Abstract

e21070 Background: Durvalumab is an anti-PD-L1 agent used as consolidation for patients with stage III non-small cell lung cancer (NSCLC) following chemoradiation. In the PACIFIC trial similar progression-free survival (PFS) and overall survival (OS) benefits were seen whether patients had PD-L1 expression of ≥25% or <25%. In this study we sought to examine outcomes for patients with PD-L1 expression using the more commonly used <1%, 1-49%, and 50-100% cutoff points. Methods: This was a retrospective analysis of 52 patients with stage III NSCLC who underwent treatment with chemoradiation followed by durvalumab maintenance. Patients were divided into groups of PD-L1 Negative (<1% positivity), Low PD-L1 (1-49%), and High PD-L1 (50-100%) based on the percentage of tumor PD-L1 expression using local testing with the Dako 22C2 antibody.
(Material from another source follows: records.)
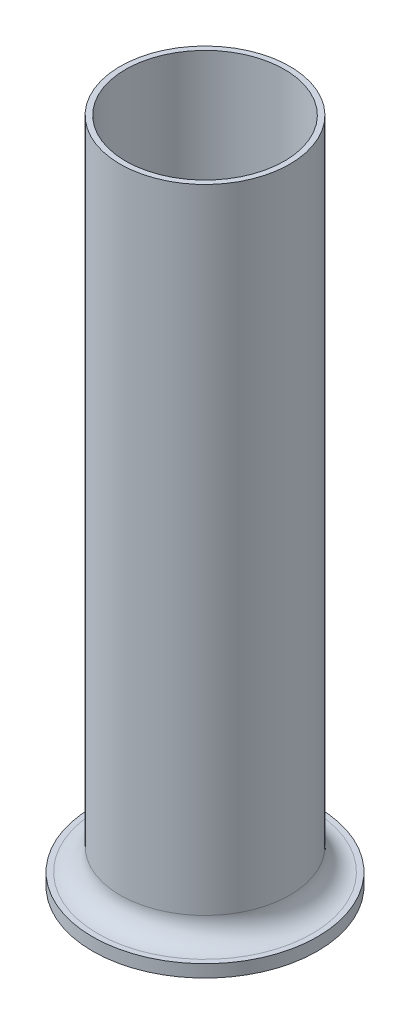
from build123d import *

# Parameters (mm, degrees)
SKETCH_1_R          = 25.25
EXTRUDE_1_DEPTH     = 2.8
SKETCH_2_R          = 19.05
EXTRUDE_2_DEPTH     = 147.2
FILLET_1_R          = 5
SKETCH_3_R          = 17.85
CUT_EXTRUDE_1_DEPTH = 155.191844791
SKETCH_5_R          = 1.8


with BuildPart() as part:
    # 스케치1 → 보스-돌출1 (new body)
    with BuildSketch(Plane(origin=(0, 0, 0), x_dir=(1, 0, 0), z_dir=(0, 1, 0))):
        Circle(SKETCH_1_R)
    extrude(amount=EXTRUDE_1_DEPTH)

    # 스케치2 → 보스-돌출2 (add)
    with BuildSketch(Plane(origin=(0, 2.8, 0), x_dir=(1, 0, 0), z_dir=(0, 1, 0))):
        Circle(SKETCH_2_R)
    extrude(amount=EXTRUDE_2_DEPTH)

    # 필렛1
    fillet_1_edges = [part.edges().sort_by_distance(p)[0] for p in [
        (-19.05, 2.8, 0),
    ]]
    fillet(fillet_1_edges, radius=FILLET_1_R)

    # 스케치3 → 컷-돌출1 (cut, through all)
    with BuildSketch(Plane(origin=(0, 150, 0), x_dir=(1, 0, 0), z_dir=(0, 1, 0))):
        Circle(SKETCH_3_R)
    extrude(amount=-CUT_EXTRUDE_1_DEPTH, mode=Mode.SUBTRACT)

    # 컷-스윕1: sweep along a path in 스케치4
    with BuildLine(Plane.XZ) as sweep_1_path:
        CenterArc((0, 0), 21.75, 0, 360)
    # 스케치5 → 컷-스윕1 (sweep, cut)
    with BuildSketch(Plane.XY):
        with Locations((-21.75, 0)):
            Circle(SKETCH_5_R)
    sweep(path=sweep_1_path.line, mode=Mode.SUBTRACT)


solid = part.part
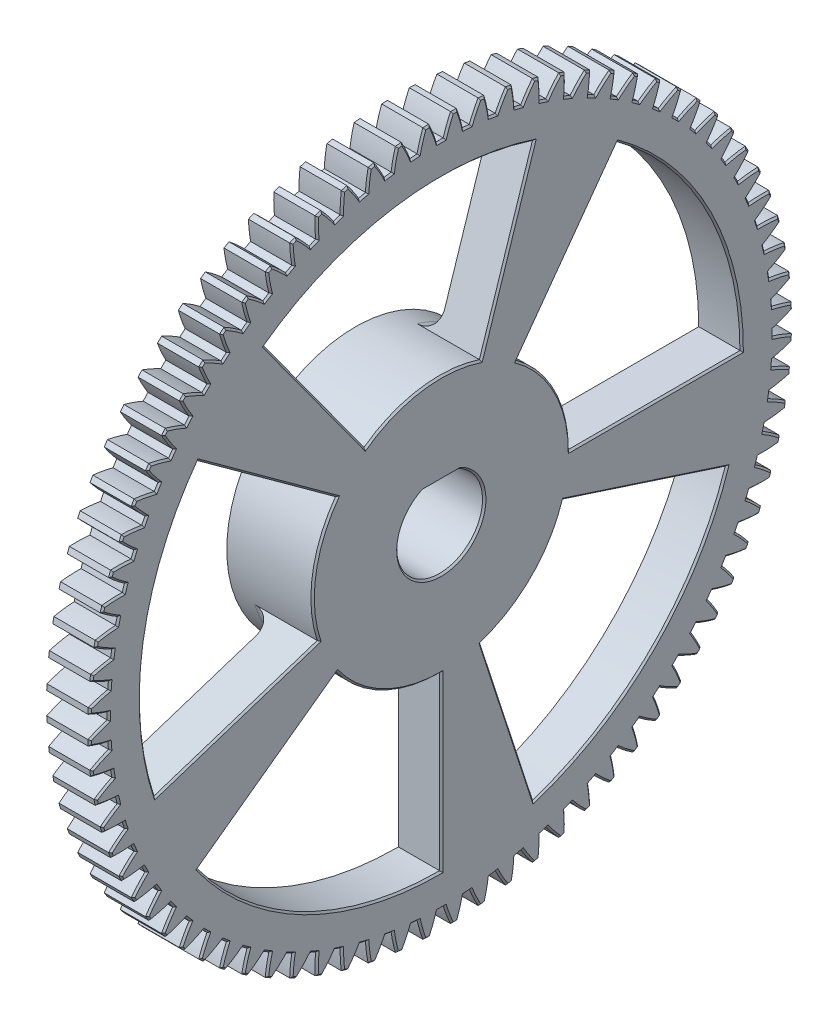
from build123d import *

# Parameters (mm, degrees)
BASPROSKE_W         = 10
BASPROSKE_H         = 82
TOOTHCUT_DEPTH      = 117.395876216
TEETHCUTS_COUNT     = 80
TEETHCUTS_ANGLE     = 355.5
HUBNEAONESKE_R      = 50
HUBNEARONE_DEPTH    = 10
BORSKE_R            = 10
BORE_DEPTH          = 15.0000508
EXTRUDE_START       = -20
EXTRUDE_1_DEPTH     = 20
CUT_EXTRUDE_1_DEPTH = 118.622521301
SKETCH_3_OUTSIDE_W  = 212.458
SKETCH_3_OUTSIDE_H  = 212.458
SKETCH_3_OUTSIDE_R  = 30
CUT_EXTRUDE_2_DEPTH = 10
FILLET_1_R          = 5
CHAMFER_1_SIZE      = 0.4


with BuildPart() as part:
    # BasProSke → Base-Revolve (revolve)
    with BuildSketch(Plane(origin=(0, 0, 0), x_dir=(1, 0, 0), z_dir=(0, 1, 0)), mode=Mode.PRIVATE) as base_revolve_sk:
        with Locations((5, 41)):
            Rectangle(BASPROSKE_W, BASPROSKE_H)
    revolve(base_revolve_sk.sketch.rotate(Axis((-10, 0, 0), (1, 0, 0)), 180), axis=Axis((-10, 0, 0), (1, 0, 0)))

    # TooCutSke → ToothCut (cut, through all)
    with BuildSketch(Plane(origin=(0, 0, 0), x_dir=(0, 0, -1), z_dir=(1, 0, 0))):
        with BuildLine():
            ThreePointArc((0.826151948, 77.494596418), (0, 77.499), (-0.826151948, 77.494596418))
            ThreePointArc((-0.826151948, 77.494596418), (-1.606395028, 79.772645896), (-2.555728345, 81.985574937))
            ThreePointArc((-2.555728345, 81.985574937), (0, 82.0254), (2.555728345, 81.985574937))
            ThreePointArc((2.555728345, 81.985574937), (1.606395028, 79.772645896), (0.826151948, 77.494596418))
        make_face()
    toothcut = extrude(amount=TOOTHCUT_DEPTH, mode=Mode.SUBTRACT)

    # TeethCuts: ToothCut ×80 about axis
    teethcuts_axis = Axis((-10, 0, 0), (1, 0, 0))
    for i in range(1, TEETHCUTS_COUNT):
        add(toothcut.rotate(teethcuts_axis, i * TEETHCUTS_ANGLE / (TEETHCUTS_COUNT - 1)), mode=Mode.SUBTRACT)

    # HubNeaOneSke → HubNearOne (add)
    with BuildSketch(Plane.ZY):
        with Locations(Location((0, 0, 0), (0, 0, 180))):
            Circle(HUBNEAONESKE_R)
    extrude(amount=HUBNEARONE_DEPTH)

    # BorSke → Bore (cut, symmetric)
    with BuildSketch(Plane(origin=(0, 0, 0), x_dir=(0, 0, -1), z_dir=(1, 0, 0))):
        with Locations(Location((0, 0, 0), (0, 0, 180))):
            Circle(BORSKE_R)
    extrude(amount=BORE_DEPTH, both=True, mode=Mode.SUBTRACT)

    # 草图1 → 凸台-拉伸1 (add)
    with BuildSketch(Plane.ZY.offset(10).offset(EXTRUDE_START)):
        with BuildLine():
            Line((-4.358898944, 9), (4.358898944, 9))
            ThreePointArc((4.358898944, 9), (0, 10), (-4.358898944, 9))
        make_face()
    extrude(amount=EXTRUDE_1_DEPTH)

    # 草图2 → 切除-拉伸1 (cut, through all)
    with BuildSketch(Plane(origin=(10, 0, 0), x_dir=(0, 0, -1), z_dir=(1, 0, 0))):
        with BuildLine():
            ThreePointArc((-17.633557569, 24.270509831), (-13.619714992, 26.730195726), (-9.270509831, 28.531695489))
            Line((-9.270509831, 28.531695489), (-21.631189606, 66.573956141))
            ThreePointArc((-21.631189606, 66.573956141), (-31.779334982, 62.370456693), (-41.14496766, 56.631189606))
            Line((-41.14496766, 56.631189606), (-17.633557569, 24.270509831))
        make_face()
        with BuildLine():
            ThreePointArc((-9.270509831, 28.531695489), (-4.693033951, 29.630650218), (0, 30))
            Line((0, 30), (0, 70))
            ThreePointArc((0, 70), (-10.950412553, 69.138183842), (-21.631189606, 66.573956141))
            Line((-21.631189606, 66.573956141), (-9.270509831, 28.531695489))
        make_face()
        with BuildLine():
            Line((0, 70), (0, 30))
            ThreePointArc((0, 30), (4.693033951, 29.630650218), (9.270509831, 28.531695489))
            Line((9.270509831, 28.531695489), (21.631189606, 66.573956141))
            ThreePointArc((21.631189606, 66.573956141), (10.950412553, 69.138183842), (0, 70))
        make_face()
        with BuildLine():
            Line((41.14496766, 56.631189606), (17.633557569, 24.270509831))
            ThreePointArc((17.633557569, 24.270509831), (21.213203436, 21.213203436), (24.270509831, 17.633557569))
            Line((24.270509831, 17.633557569), (56.631189606, 41.14496766))
            ThreePointArc((56.631189606, 41.14496766), (49.497474683, 49.497474683), (41.14496766, 56.631189606))
        make_face()
        with BuildLine():
            Line((56.631189606, 41.14496766), (24.270509831, 17.633557569))
            ThreePointArc((24.270509831, 17.633557569), (26.730195726, 13.619714992), (28.531695489, 9.270509831))
            Line((28.531695489, 9.270509831), (66.573956141, 21.631189606))
            ThreePointArc((66.573956141, 21.631189606), (62.370456693, 31.779334982), (56.631189606, 41.14496766))
        make_face()
        with BuildLine():
            Line((66.573956141, 21.631189606), (28.531695489, 9.270509831))
            ThreePointArc((28.531695489, 9.270509831), (29.630650218, 4.693033951), (30, 0))
            Line((30, 0), (70, 0))
            ThreePointArc((70, 0), (69.138183842, 10.950412553), (66.573956141, 21.631189606))
        make_face()
        with BuildLine():
            Line((66.573956141, -21.631189606), (28.531695489, -9.270509831))
            ThreePointArc((28.531695489, -9.270509831), (26.730195726, -13.619714992), (24.270509831, -17.633557569))
            Line((24.270509831, -17.633557569), (56.631189606, -41.14496766))
            ThreePointArc((56.631189606, -41.14496766), (62.370456693, -31.779334982), (66.573956141, -21.631189606))
        make_face()
        with BuildLine():
            Line((56.631189606, -41.14496766), (24.270509831, -17.633557569))
            ThreePointArc((24.270509831, -17.633557569), (21.213203436, -21.213203436), (17.633557569, -24.270509831))
            Line((17.633557569, -24.270509831), (41.14496766, -56.631189606))
            ThreePointArc((41.14496766, -56.631189606), (49.497474683, -49.497474683), (56.631189606, -41.14496766))
        make_face()
        with BuildLine():
            Line((41.14496766, -56.631189606), (17.633557569, -24.270509831))
            ThreePointArc((17.633557569, -24.270509831), (13.619714992, -26.730195726), (9.270509831, -28.531695489))
            Line((9.270509831, -28.531695489), (21.631189606, -66.573956141))
            ThreePointArc((21.631189606, -66.573956141), (31.779334982, -62.370456693), (41.14496766, -56.631189606))
        make_face()
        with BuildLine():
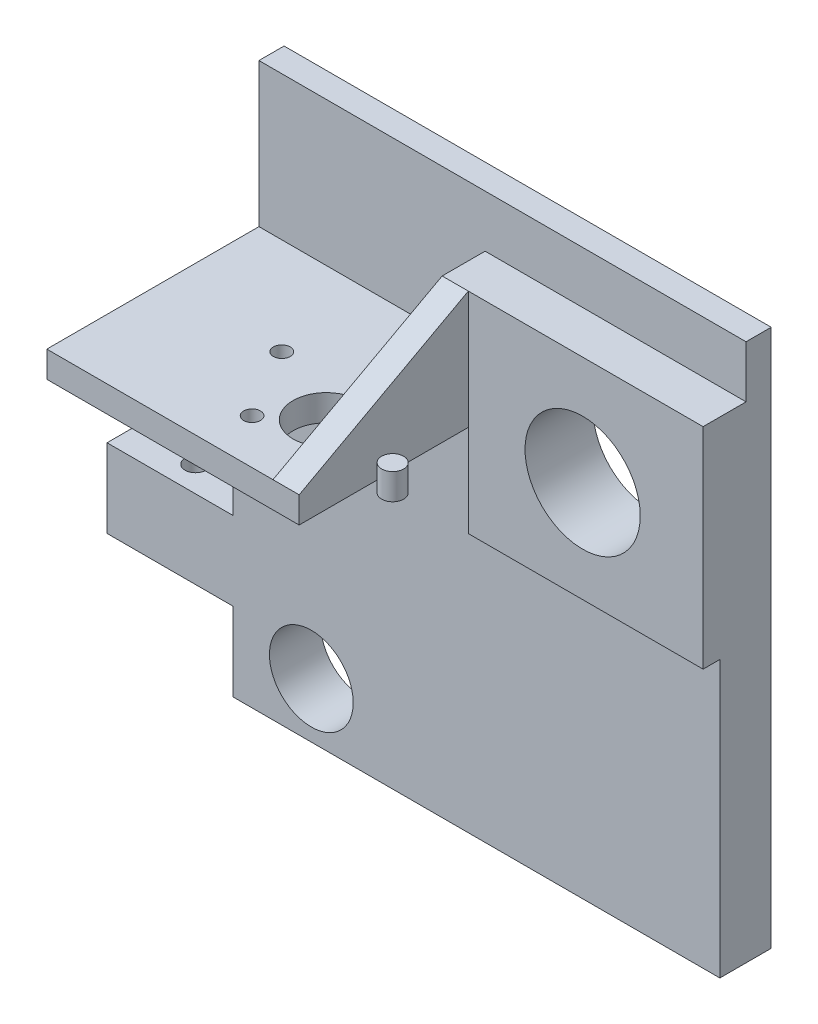
from build123d import *

# Parameters (mm, degrees)
SKETCH1_R                 = 11
SKETCH1_R_2               = 8
BOSS_EXTRUDE1_DEPTH       = 4.8
SKETCH2_W                 = 44.821432693
SKETCH2_H                 = 40.097165435
SKETCH2_R                 = 11
BOSS_EXTRUDE2_DEPTH       = 8.2
SKETCH3_W                 = 24
SKETCH3_H                 = 15
SKETCH3_R                 = 8
BOSS_EXTRUDE3_DEPTH       = 5
BOSS_EXTRUDE4_OUTLINE_R   = 2.1
BOSS_EXTRUDE4_OUTLINE_W   = 48.178567307
BOSS_EXTRUDE4_OUTLINE_H   = 40.5
BOSS_EXTRUDE4_OUTLINE_R_2 = 1.6
BOSS_EXTRUDE4_OUTLINE_R_3 = 6.35
BOSS_EXTRUDE4_DEPTH       = 5
BOSS_EXTRUDE5_DEPTH       = 5
SKETCH6_W                 = 48.178567307
SKETCH6_H                 = 17.568704936
BOSS_EXTRUDE6_DEPTH       = 5
SKETCH8_R                 = 2
CUT_EXTRUDE1_DEPTH        = 127.437257167


# Read off the part's stored shape, not the designer's step: Boss-Extrude4
with BuildPart() as part:
    # Sketch1 → Boss-Extrude1 (new body)
    # profile 1 of 2: a face of its own
    with BuildSketch(Plane.XY):
        Polygon((0, 0), (93, 0), (93, 102.7), (0, 102.7), (0, 30), (-24, 30), (-24, 15), (0, 15), align=None)
        with Locations((15, 10.5)):
            Circle(SKETCH1_R, mode=Mode.SUBTRACT)
        with Locations((70, 72)):
            Circle(SKETCH1_R, mode=Mode.SUBTRACT)
    # profile 2 of 2: a face of its own
    with BuildSketch(Plane.XY):
        with BuildLine():
            ThreePointArc((26, 10.5), (8.48332569, 19.36188219), (11.721280738, 0))
            Line((11.721280738, 0), (18.278719262, 0))
            ThreePointArc((18.278719262, 0), (23.86188219, 3.98332569), (26, 10.5))
        make_face()
        with Locations((15, 10.5)):
            Circle(SKETCH1_R_2, mode=Mode.SUBTRACT)
    extrude(amount=BOSS_EXTRUDE1_DEPTH)

    # Sketch2 → Boss-Extrude2 (add)
    with BuildSketch(Plane.XY.offset(4.8)):
        with Locations((70.589283654, 72.714594712)):
            Rectangle(SKETCH2_W, SKETCH2_H)
        with Locations((70, 72)):
            Circle(SKETCH2_R, mode=Mode.SUBTRACT)
    extrude(amount=BOSS_EXTRUDE2_DEPTH)

    # Sketch3 → Boss-Extrude3 (add)
    # profile 1 of 2: a face of its own
    with BuildSketch(Plane.XY.offset(4.8)):
        with Locations((-12, 22.5)):
            Rectangle(SKETCH3_W, SKETCH3_H)
    # profile 2 of 2: a face of its own
    with BuildSketch(Plane.XY.offset(4.8)):
        Polygon((0, 30), (0, 15), (0, 0), (93, 0), (93, 52.666011994), (48.178567307, 52.666011994), (0, 52.666011994), align=None)
        with Locations((15, 10.5)):
            Circle(SKETCH3_R, mode=Mode.SUBTRACT)
    extrude(amount=BOSS_EXTRUDE3_DEPTH)

    # Boss-Extrude4 outline → Boss-Extrude4 (add)
    # profile 1 of 2: a face of its own
    with BuildSketch(Plane.XZ.offset(-75.23471693)):
        with Locations((51.783815806, 31.05)):
            Circle(BOSS_EXTRUDE4_OUTLINE_R)
    # profile 2 of 2: a face of its own
    with BuildSketch(Plane.XZ.offset(-75.23471693)):
        with Locations((24.089283654, 25.05)):
            Rectangle(BOSS_EXTRUDE4_OUTLINE_W, BOSS_EXTRUDE4_OUTLINE_H)
        with Locations((22.860422048, 23.3)):
            Circle(BOSS_EXTRUDE4_OUTLINE_R_2, mode=Mode.SUBTRACT)
        with Locations((38.360422048, 30.3)):
            Circle(BOSS_EXTRUDE4_OUTLINE_R_3, mode=Mode.SUBTRACT)
        with Locations((30.610422048, 36.723393759)):
            Circle(BOSS_EXTRUDE4_OUTLINE_R_2, mode=Mode.SUBTRACT)
        with Locations((46.110422048, 36.723393759)):
            Circle(BOSS_EXTRUDE4_OUTLINE_R_2, mode=Mode.SUBTRACT)
    extrude(amount=BOSS_EXTRUDE4_DEPTH)

    # Sketch5 → Boss-Extrude5 (add)
    with BuildSketch(Plane(origin=(48.178567307, 0, 0), x_dir=(0, 0, -1), z_dir=(1, 0, 0))):
        Polygon((-45.3, 75.23471693), (-13, 92.763177429), (-4.8, 92.763177429), (-4.8, 70.23471693), (-45.3, 70.23471693), align=None)
    extrude(amount=-BOSS_EXTRUDE5_DEPTH)

    # Sketch6 → Boss-Extrude6 (add)
    with BuildSketch(Plane.XY.offset(4.8)):
        with Locations((24.089283654, 61.450364462)):
            Rectangle(SKETCH6_W, SKETCH6_H)
    extrude(amount=BOSS_EXTRUDE6_DEPTH)

    # Sketch8 → Cut-Extrude1 (cut, through all)
    with BuildSketch(Plane(origin=(0, 30, 0), x_dir=(1, 0, 0), z_dir=(0, 1, 0))):
        with Locations(Location((-12, -4.9, 0), (0, 0, 180))):
            Circle(SKETCH8_R)
    extrude(amount=-CUT_EXTRUDE1_DEPTH, mode=Mode.SUBTRACT)


solid = part.part
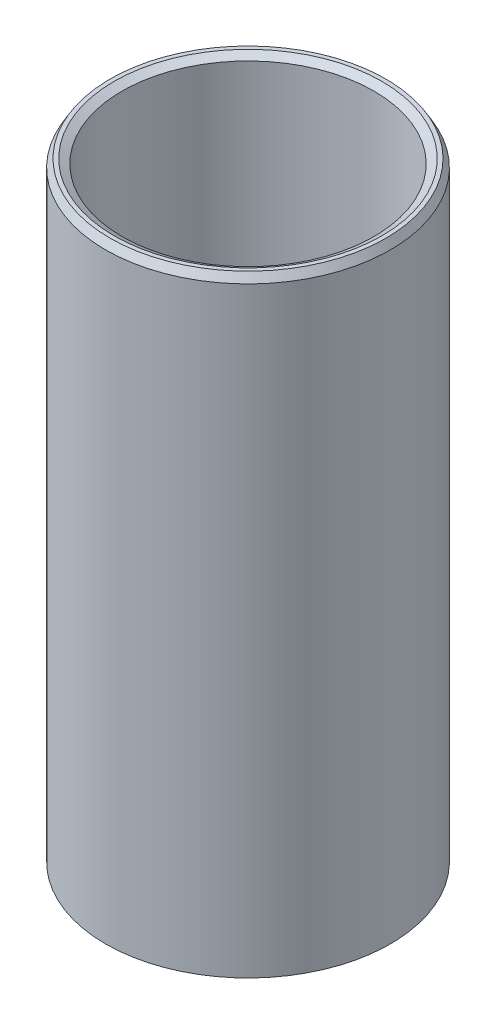
from build123d import *
from OCP.BRepFilletAPI import BRepFilletAPI_MakeChamfer

# Parameters (mm, degrees)
SKETCH1_R           = 42.5
BOSS_EXTRUDE1_DEPTH = 183.049954021
SKETCH2_R           = 37.598591873
CUT_EXTRUDE1_DEPTH  = 193.664957029
CHAMFER1_SIZE       = 2.340574628
CHAMFER1_SIZE2      = 1.351331391


with BuildPart() as part:
    # Sketch1 → Boss-Extrude1 (new body)
    with BuildSketch(Plane(origin=(0, 0, 0), x_dir=(1, 0, 0), z_dir=(0, 1, 0))):
        Circle(SKETCH1_R)
    extrude(amount=BOSS_EXTRUDE1_DEPTH)

    # Sketch2 → Cut-Extrude1 (cut, through all)
    with BuildSketch(Plane(origin=(0, 0, 0), x_dir=(1, 0, 0), z_dir=(0, 1, 0))):
        Circle(SKETCH2_R)
    extrude(amount=CUT_EXTRUDE1_DEPTH, mode=Mode.SUBTRACT)

    # Chamfer1: one chamfer whose edges measure the first distance from different faces: ONE call of the kernel's chamfer builder (chamfer() names one face for all edges)
    chamfer1_edges_1 = [part.edges().sort_by_distance(p)[0] for p in [
        (-37.598591873, 183.049954021, 0),
    ]]
    chamfer1_side_1 = [part.faces().sort_by_distance(p)[0] for p in [
        (-41.297918472, 183.049954021, 0),
    ]]
    chamfer1_edges_2 = [part.edges().sort_by_distance(p)[0] for p in [
        (-37.598591873, 0, 0),
    ]]
    chamfer1_side_2 = [part.faces().sort_by_distance(p)[0] for p in [
        (-37.598591873, 91.52497701, 0),
    ]]
    chamfer1_edges_3 = [part.edges().sort_by_distance(p)[0] for p in [
        (-42.5, 0, 0),
    ]]
    chamfer1_side_3 = [part.faces().sort_by_distance(p)[0] for p in [
        (-41.297918472, 0, 0),
    ]]
    chamfer1_edges_4 = [part.edges().sort_by_distance(p)[0] for p in [
        (-42.5, 183.049954021, 0),
    ]]
    chamfer1_side_4 = [part.faces().sort_by_distance(p)[0] for p in [
        (-42.5, 91.52497701, 0),
    ]]
    chamfer1 = BRepFilletAPI_MakeChamfer(part.part.solid().wrapped)
    for e in chamfer1_edges_1:
        chamfer1.Add(CHAMFER1_SIZE, CHAMFER1_SIZE2, e.wrapped, chamfer1_side_1[0].wrapped)  # the first distance lies on this face
    for e in chamfer1_edges_2:
        chamfer1.Add(CHAMFER1_SIZE, CHAMFER1_SIZE2, e.wrapped, chamfer1_side_2[0].wrapped)  # the first distance lies on this face
    for e in chamfer1_edges_3:
        chamfer1.Add(CHAMFER1_SIZE, CHAMFER1_SIZE2, e.wrapped, chamfer1_side_3[0].wrapped)  # the first distance lies on this face
    for e in chamfer1_edges_4:
        chamfer1.Add(CHAMFER1_SIZE, CHAMFER1_SIZE2, e.wrapped, chamfer1_side_4[0].wrapped)  # the first distance lies on this face
    add(Compound.cast(chamfer1.Shape()), mode=Mode.REPLACE)


solid = part.part

The primary endpoint was presence or absence of radiographic progression while on durvalumab or after completing therapy, while PFS and OS were also determined. Results: Of the 52 patients, 25% were in the High PD-L1 group, 21% in the Low PD-L1 group, 27% in the PD-L1 Negative group, and the remaining were not tested for PD-L1. The progression rates were 64.3%, 90.9%, and 23.1% for the PD-L1 Negative, Low PD-L1, and High PD-L1 groups respectively (Table). Using Chi-square analysis there was a significant association between the extent of PD-L1 expression and progression (p = 0.003). The odd’s ratio (OR) of progression in the High PD-L1 group compared to the PD-L1 Negative group was 0.167 (0.031-0.904, p = 0.038), and the OR of progression in the Low PD-L1 group compared to PD-L1 Negative was 5.556 (0.541-57.00, p = 0.149). There was a statistically significant difference in PFS between the groups (p = 0.019), but not OS. Conclusions: Our results show that PD-L1 expression may be useful in predicting the risk of cancer progression in stage III NSCLC patients undergoing durvalumab consolidation. Patients with high PD-L1 (50-100%) expression had significantly lower odds of disease progression and longer PFS compared to those who were negative for PD-L1. While the rate of progression was higher in the Low PD-L1 group, the OR was not statistically significant when compared to the PD-L1 Negative group. [Table: see text]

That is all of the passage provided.